## Exercise requirements
Could you restate, exactly and with nothing added, the lines from the start of the data through the line that holds "doc.layers.add('BLACK', color=7, linetype='CONTINUOUS')", leaving the pictures out?

[Items listed in a dataset]
-- -- --
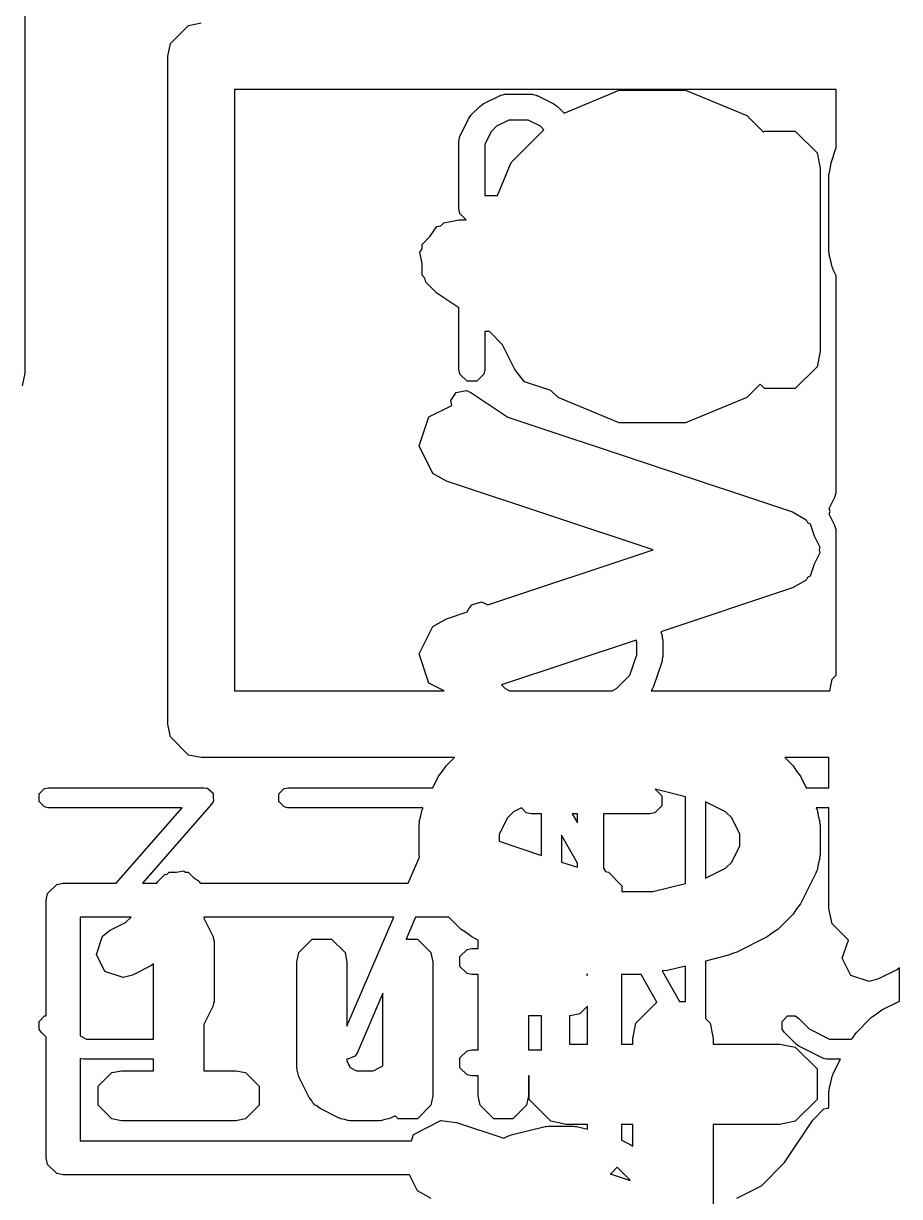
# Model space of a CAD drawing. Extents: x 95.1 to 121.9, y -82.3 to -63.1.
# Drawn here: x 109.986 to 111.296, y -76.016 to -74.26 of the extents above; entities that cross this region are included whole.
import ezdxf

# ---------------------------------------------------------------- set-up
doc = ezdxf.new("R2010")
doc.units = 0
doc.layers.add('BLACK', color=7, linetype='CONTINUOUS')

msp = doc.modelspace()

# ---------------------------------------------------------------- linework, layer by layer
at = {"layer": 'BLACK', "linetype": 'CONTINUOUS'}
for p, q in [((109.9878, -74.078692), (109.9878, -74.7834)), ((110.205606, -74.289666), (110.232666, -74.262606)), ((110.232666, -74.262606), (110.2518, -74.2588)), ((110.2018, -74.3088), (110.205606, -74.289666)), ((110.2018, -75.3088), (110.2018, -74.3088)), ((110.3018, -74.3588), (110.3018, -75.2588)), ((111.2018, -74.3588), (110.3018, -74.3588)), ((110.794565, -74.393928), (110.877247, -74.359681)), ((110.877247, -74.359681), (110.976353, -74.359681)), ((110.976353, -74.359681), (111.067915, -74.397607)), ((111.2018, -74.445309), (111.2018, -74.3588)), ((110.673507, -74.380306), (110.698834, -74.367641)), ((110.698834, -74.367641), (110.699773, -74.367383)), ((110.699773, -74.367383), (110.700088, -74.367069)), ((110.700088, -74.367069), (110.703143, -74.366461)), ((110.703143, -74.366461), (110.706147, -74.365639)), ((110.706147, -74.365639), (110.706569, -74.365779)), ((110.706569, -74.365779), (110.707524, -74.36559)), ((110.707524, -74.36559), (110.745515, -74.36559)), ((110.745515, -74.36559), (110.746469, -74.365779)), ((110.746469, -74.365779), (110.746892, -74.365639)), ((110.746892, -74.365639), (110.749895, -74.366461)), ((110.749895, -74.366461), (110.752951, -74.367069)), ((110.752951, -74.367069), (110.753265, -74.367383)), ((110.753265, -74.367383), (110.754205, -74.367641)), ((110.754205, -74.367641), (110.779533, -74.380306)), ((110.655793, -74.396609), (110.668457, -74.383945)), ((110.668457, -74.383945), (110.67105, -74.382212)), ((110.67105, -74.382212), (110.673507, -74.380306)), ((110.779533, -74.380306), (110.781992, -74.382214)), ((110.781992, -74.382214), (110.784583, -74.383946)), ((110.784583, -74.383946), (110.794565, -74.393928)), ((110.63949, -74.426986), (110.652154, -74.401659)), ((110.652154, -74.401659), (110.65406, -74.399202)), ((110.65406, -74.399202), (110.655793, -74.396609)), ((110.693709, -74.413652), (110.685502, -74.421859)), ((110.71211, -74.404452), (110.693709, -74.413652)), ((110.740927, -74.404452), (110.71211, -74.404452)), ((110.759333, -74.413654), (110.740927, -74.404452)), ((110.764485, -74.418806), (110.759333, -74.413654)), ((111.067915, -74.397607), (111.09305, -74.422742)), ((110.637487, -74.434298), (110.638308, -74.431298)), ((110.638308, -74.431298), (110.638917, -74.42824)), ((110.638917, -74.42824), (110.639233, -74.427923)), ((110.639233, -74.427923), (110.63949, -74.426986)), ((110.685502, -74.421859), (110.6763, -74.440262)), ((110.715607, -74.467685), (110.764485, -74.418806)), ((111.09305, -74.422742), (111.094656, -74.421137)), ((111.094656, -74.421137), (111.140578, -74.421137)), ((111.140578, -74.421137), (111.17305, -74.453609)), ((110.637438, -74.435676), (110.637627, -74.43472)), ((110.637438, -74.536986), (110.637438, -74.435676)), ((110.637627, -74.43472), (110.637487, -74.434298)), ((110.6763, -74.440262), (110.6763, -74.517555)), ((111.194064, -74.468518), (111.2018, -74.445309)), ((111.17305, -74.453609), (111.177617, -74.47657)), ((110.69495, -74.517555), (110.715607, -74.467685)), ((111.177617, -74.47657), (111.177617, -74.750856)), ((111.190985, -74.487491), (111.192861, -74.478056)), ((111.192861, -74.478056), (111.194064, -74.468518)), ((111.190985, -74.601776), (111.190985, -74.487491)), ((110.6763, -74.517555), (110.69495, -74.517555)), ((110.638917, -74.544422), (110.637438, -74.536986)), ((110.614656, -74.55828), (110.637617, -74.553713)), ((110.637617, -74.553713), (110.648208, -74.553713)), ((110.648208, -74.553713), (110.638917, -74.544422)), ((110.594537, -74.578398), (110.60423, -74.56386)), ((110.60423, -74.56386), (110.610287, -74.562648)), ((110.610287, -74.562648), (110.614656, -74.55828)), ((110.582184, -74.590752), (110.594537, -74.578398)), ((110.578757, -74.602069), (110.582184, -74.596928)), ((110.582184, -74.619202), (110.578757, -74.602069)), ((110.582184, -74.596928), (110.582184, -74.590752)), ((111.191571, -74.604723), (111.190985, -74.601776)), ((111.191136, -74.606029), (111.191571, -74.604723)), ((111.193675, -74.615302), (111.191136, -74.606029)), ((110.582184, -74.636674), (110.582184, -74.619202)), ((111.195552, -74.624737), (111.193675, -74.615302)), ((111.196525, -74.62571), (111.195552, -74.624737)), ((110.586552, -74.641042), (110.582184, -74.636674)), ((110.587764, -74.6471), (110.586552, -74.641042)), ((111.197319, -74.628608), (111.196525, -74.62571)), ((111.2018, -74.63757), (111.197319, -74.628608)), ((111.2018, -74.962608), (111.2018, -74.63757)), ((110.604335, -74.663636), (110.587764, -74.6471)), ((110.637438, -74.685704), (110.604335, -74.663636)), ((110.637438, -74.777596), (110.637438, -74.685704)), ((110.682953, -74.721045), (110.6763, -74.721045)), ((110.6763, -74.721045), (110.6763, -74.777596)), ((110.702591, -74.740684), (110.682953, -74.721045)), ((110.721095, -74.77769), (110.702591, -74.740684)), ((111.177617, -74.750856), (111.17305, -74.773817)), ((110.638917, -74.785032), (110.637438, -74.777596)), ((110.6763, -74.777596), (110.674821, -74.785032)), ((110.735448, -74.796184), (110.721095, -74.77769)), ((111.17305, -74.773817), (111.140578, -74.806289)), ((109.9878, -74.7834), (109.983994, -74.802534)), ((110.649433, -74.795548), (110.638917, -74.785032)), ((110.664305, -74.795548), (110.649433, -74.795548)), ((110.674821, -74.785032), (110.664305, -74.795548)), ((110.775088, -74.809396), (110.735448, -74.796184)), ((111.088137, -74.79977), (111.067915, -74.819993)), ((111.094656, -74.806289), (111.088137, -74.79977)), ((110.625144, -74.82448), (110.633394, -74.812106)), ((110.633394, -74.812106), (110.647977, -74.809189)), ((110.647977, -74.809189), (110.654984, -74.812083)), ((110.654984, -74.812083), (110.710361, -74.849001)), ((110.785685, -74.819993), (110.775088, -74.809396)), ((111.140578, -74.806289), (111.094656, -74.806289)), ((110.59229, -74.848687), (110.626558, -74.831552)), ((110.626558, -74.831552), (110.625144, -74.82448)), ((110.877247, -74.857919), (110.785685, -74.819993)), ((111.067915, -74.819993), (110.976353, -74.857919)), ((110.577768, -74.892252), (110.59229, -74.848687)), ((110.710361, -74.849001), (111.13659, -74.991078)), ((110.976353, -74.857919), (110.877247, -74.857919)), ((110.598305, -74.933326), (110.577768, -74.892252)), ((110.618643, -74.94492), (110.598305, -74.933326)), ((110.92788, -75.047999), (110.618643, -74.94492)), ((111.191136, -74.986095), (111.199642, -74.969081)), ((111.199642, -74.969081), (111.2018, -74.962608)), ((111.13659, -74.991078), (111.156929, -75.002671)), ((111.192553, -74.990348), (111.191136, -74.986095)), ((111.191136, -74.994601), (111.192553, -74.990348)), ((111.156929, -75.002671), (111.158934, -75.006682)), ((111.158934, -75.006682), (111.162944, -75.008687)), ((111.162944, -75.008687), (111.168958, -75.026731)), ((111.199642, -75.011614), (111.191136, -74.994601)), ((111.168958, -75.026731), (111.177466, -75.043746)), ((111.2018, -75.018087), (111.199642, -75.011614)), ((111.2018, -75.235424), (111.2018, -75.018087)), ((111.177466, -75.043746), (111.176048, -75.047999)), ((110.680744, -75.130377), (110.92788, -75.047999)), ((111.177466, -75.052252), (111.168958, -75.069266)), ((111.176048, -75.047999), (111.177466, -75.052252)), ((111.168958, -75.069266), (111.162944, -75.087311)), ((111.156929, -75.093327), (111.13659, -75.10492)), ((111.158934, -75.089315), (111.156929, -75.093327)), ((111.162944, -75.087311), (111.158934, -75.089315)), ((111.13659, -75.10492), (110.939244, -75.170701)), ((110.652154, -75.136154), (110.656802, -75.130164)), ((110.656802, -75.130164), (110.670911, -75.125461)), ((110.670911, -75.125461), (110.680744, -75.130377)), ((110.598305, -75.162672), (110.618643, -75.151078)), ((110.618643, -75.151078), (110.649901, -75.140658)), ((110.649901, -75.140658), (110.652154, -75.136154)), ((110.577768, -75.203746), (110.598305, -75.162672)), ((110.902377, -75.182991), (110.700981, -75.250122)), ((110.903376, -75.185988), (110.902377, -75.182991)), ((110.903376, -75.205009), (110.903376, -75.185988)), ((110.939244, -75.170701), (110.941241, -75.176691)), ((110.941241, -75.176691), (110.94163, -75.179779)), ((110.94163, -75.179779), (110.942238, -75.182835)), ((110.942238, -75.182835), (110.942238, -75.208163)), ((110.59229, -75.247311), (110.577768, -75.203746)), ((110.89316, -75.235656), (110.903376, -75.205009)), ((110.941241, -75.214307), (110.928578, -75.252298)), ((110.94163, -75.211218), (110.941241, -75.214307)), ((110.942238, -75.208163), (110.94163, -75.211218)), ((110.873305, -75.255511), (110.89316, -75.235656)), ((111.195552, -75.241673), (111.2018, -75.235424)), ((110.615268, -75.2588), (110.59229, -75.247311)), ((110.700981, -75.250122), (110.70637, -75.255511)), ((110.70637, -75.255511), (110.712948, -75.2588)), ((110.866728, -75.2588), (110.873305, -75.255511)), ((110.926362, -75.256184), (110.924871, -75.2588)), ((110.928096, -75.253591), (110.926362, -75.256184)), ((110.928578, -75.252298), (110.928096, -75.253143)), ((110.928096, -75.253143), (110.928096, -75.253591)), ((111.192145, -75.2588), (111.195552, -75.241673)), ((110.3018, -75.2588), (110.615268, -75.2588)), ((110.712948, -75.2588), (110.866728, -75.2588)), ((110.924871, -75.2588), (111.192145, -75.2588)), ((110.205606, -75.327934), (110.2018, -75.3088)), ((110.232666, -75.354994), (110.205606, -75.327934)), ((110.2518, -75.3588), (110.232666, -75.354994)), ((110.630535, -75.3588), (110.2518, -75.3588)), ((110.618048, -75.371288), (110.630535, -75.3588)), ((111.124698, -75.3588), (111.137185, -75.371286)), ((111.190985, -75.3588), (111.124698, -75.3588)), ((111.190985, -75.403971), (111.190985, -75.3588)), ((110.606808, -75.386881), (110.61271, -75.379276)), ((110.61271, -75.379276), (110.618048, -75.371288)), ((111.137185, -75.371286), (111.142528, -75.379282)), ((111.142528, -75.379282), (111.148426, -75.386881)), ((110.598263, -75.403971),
-- -- --
## Solution
# Model space of a CAD drawing. Extents: x 95.1 to 121.9, y -82.3 to -63.1.
# Drawn here: x 109.986 to 111.296, y -76.016 to -74.26 of the extents above; entities that cross this region are included whole.
import ezdxf

# ---------------------------------------------------------------- set-up
doc = ezdxf.new("R2010")
doc.units = 0
doc.layers.add('BLACK', color=7, linetype='CONTINUOUS')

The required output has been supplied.